One of my users is getting a
System.Configuration.ConfigurationErrorsException when my Windows
Forms application tries to encrypt and save the application config
file, but it only happens for him and no other users!? I don't really
know anything about the security classes so don't have any idea where
to start looking.

He gets the exception when running the application on other users'
machines for whom it works fine, and other users are able to log in on
his machine and use the application. So I'm guessing it's something
to do with his profile but I have no idea where to look.
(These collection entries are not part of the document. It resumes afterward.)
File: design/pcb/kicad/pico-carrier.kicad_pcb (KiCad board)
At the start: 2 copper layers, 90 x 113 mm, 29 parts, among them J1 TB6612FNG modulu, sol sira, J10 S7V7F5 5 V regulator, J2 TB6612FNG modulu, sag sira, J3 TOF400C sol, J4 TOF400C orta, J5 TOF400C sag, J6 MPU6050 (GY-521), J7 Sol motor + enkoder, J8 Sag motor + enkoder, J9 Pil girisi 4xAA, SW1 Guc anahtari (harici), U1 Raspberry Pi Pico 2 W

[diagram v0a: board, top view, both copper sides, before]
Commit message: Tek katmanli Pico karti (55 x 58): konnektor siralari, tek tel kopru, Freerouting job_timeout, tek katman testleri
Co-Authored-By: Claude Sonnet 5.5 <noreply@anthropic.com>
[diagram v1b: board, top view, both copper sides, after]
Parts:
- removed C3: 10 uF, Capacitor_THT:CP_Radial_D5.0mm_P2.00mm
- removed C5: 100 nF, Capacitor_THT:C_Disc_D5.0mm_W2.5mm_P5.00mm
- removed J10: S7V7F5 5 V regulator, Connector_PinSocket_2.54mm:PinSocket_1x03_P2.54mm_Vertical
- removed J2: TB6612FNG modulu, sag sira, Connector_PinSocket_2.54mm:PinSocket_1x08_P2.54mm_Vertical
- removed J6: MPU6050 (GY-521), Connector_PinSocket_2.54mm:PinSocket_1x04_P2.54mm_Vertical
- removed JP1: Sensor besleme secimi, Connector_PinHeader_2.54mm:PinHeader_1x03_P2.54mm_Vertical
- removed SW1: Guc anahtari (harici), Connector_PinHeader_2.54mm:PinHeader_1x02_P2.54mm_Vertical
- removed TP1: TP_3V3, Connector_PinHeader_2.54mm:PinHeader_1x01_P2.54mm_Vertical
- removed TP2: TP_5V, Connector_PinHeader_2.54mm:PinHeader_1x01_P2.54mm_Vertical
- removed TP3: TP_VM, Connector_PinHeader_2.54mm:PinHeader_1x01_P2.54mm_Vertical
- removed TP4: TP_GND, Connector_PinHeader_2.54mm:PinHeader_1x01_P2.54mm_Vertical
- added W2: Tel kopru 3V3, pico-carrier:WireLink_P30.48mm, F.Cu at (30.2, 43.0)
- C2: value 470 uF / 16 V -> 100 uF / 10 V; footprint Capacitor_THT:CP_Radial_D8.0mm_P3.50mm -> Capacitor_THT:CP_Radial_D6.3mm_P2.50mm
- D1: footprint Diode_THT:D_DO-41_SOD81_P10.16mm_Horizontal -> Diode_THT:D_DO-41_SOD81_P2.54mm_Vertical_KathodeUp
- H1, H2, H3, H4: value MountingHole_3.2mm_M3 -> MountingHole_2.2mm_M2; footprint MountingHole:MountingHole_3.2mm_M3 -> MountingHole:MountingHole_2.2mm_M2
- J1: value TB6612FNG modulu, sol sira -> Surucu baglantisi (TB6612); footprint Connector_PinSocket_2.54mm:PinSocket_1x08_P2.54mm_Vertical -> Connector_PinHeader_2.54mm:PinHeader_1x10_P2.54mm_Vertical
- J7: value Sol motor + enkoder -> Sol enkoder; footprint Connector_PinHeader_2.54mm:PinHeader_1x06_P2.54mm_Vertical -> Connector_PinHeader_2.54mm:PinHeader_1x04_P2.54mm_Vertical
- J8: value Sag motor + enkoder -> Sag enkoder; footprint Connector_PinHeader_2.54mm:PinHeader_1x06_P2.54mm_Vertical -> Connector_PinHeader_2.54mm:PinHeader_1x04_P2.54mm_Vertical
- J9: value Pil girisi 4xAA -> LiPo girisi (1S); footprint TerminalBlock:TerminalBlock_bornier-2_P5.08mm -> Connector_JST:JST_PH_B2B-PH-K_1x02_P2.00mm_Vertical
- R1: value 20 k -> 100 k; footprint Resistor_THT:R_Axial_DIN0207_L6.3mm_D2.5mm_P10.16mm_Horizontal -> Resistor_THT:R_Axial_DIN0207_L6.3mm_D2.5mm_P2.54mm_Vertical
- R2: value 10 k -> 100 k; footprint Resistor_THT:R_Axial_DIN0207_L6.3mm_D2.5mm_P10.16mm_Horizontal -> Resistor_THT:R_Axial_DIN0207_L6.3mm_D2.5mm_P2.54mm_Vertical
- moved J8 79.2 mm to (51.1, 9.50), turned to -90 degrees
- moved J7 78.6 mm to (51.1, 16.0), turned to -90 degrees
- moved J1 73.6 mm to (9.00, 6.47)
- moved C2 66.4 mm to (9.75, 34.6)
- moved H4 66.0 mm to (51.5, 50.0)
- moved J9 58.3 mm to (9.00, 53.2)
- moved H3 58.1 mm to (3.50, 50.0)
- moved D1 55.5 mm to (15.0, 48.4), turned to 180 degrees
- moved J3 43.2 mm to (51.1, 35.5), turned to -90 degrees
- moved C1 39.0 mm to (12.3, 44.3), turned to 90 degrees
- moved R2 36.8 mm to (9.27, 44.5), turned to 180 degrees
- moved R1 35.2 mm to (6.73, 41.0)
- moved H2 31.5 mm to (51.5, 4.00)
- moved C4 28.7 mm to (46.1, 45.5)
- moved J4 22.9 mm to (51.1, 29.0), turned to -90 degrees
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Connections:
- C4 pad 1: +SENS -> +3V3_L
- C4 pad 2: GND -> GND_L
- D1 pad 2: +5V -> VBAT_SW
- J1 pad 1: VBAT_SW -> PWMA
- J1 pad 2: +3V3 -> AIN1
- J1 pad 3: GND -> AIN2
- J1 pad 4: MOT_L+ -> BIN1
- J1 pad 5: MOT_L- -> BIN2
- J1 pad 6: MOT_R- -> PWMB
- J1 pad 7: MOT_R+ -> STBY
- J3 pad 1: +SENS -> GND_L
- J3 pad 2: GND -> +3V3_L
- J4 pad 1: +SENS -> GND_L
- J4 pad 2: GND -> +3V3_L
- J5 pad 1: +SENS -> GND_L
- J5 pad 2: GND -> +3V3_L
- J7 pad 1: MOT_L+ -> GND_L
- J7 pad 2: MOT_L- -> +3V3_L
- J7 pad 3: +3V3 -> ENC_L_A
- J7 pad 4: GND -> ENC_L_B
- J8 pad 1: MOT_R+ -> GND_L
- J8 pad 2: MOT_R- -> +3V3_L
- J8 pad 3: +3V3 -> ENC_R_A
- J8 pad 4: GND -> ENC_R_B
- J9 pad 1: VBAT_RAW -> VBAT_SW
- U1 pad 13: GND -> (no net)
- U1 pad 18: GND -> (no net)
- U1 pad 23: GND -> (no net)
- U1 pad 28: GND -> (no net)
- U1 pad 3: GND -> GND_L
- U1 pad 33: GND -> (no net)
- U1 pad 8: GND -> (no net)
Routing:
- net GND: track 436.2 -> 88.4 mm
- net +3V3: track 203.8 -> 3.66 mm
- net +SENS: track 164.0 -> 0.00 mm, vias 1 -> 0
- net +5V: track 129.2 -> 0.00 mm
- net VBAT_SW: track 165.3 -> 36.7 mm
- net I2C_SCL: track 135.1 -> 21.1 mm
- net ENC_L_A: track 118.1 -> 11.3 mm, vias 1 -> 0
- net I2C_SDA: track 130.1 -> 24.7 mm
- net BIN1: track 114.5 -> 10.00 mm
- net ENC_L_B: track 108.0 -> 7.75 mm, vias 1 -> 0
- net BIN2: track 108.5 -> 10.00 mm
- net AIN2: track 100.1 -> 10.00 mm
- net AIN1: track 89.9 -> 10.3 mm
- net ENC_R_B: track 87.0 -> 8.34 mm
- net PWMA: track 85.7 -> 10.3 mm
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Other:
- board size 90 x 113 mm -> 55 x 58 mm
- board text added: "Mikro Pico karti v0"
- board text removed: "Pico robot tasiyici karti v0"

He and all
other users have the same .NET version; I installed it as part of the
application install and noone had previous .NET runtimes on their
machine.

In my live application I get a standard windows box saying the program
had a problem and had to be closed, do I want to send info to MS.
(That's despite having set a ThreadException handler which normally
logs and shows a message for all unhandled exceptions, which is
slightly odd in itself.)

I created a test app to determine where it's failing, and it crashes
in this method:

private void btnProtectConfiguration_Click(object sender,
EventArgs e)
{
string provider = "RsaProtectedConfigurationProvider";

Configuration config = null;
config =
ConfigurationManager.OpenExeConfiguration(ConfigurationUserLevel.None);

ConfigurationSection section = config.ConnectionStrings;

if ((section.SectionInformation.IsProtected == false) &&
(section.ElementInformation.IsLocked == false))
{
// Protect (encrypt) the "connectionStrings" section.
section.SectionInformation.ProtectSection(provider);

// Save the encrypted section.
section.SectionInformation.ForceSave = true;
config.Save(ConfigurationSaveMode.Full);
}
MessageBox.Show("ok");
}


The info in the standard .NET exception handler is at the bottom of
this post.

In my test app he is able to save the config file fine without
encryption, using this code:
private void btnSaveConfig_Click(object sender, EventArgs e)
{
// Same stuff as ProtectConfiguration, but without the
protection.
// Checks if we can open and save the config file.
Configuration config = null;
config =
ConfigurationManager.OpenExeConfiguration(ConfigurationUserLevel.None);
ConfigurationSection section = config.ConnectionStrings;
section.SectionInformation.ForceSave = true;
config.Save(ConfigurationSaveMode.Full);
MessageBox.Show("ok");
}

He's also able to do RSA encryption and decryption using the
RSACryptoServiceProvider class; I included in my test app the sample
code here:
http://msdn2.microsoft.com/en-us/library/system.security.cryptography.rsacryptoserviceprovider(VS.80).aspx

If anyone can suggest why this exception could be occurring and why
it's attached to just this user I'd greatly appreciate it!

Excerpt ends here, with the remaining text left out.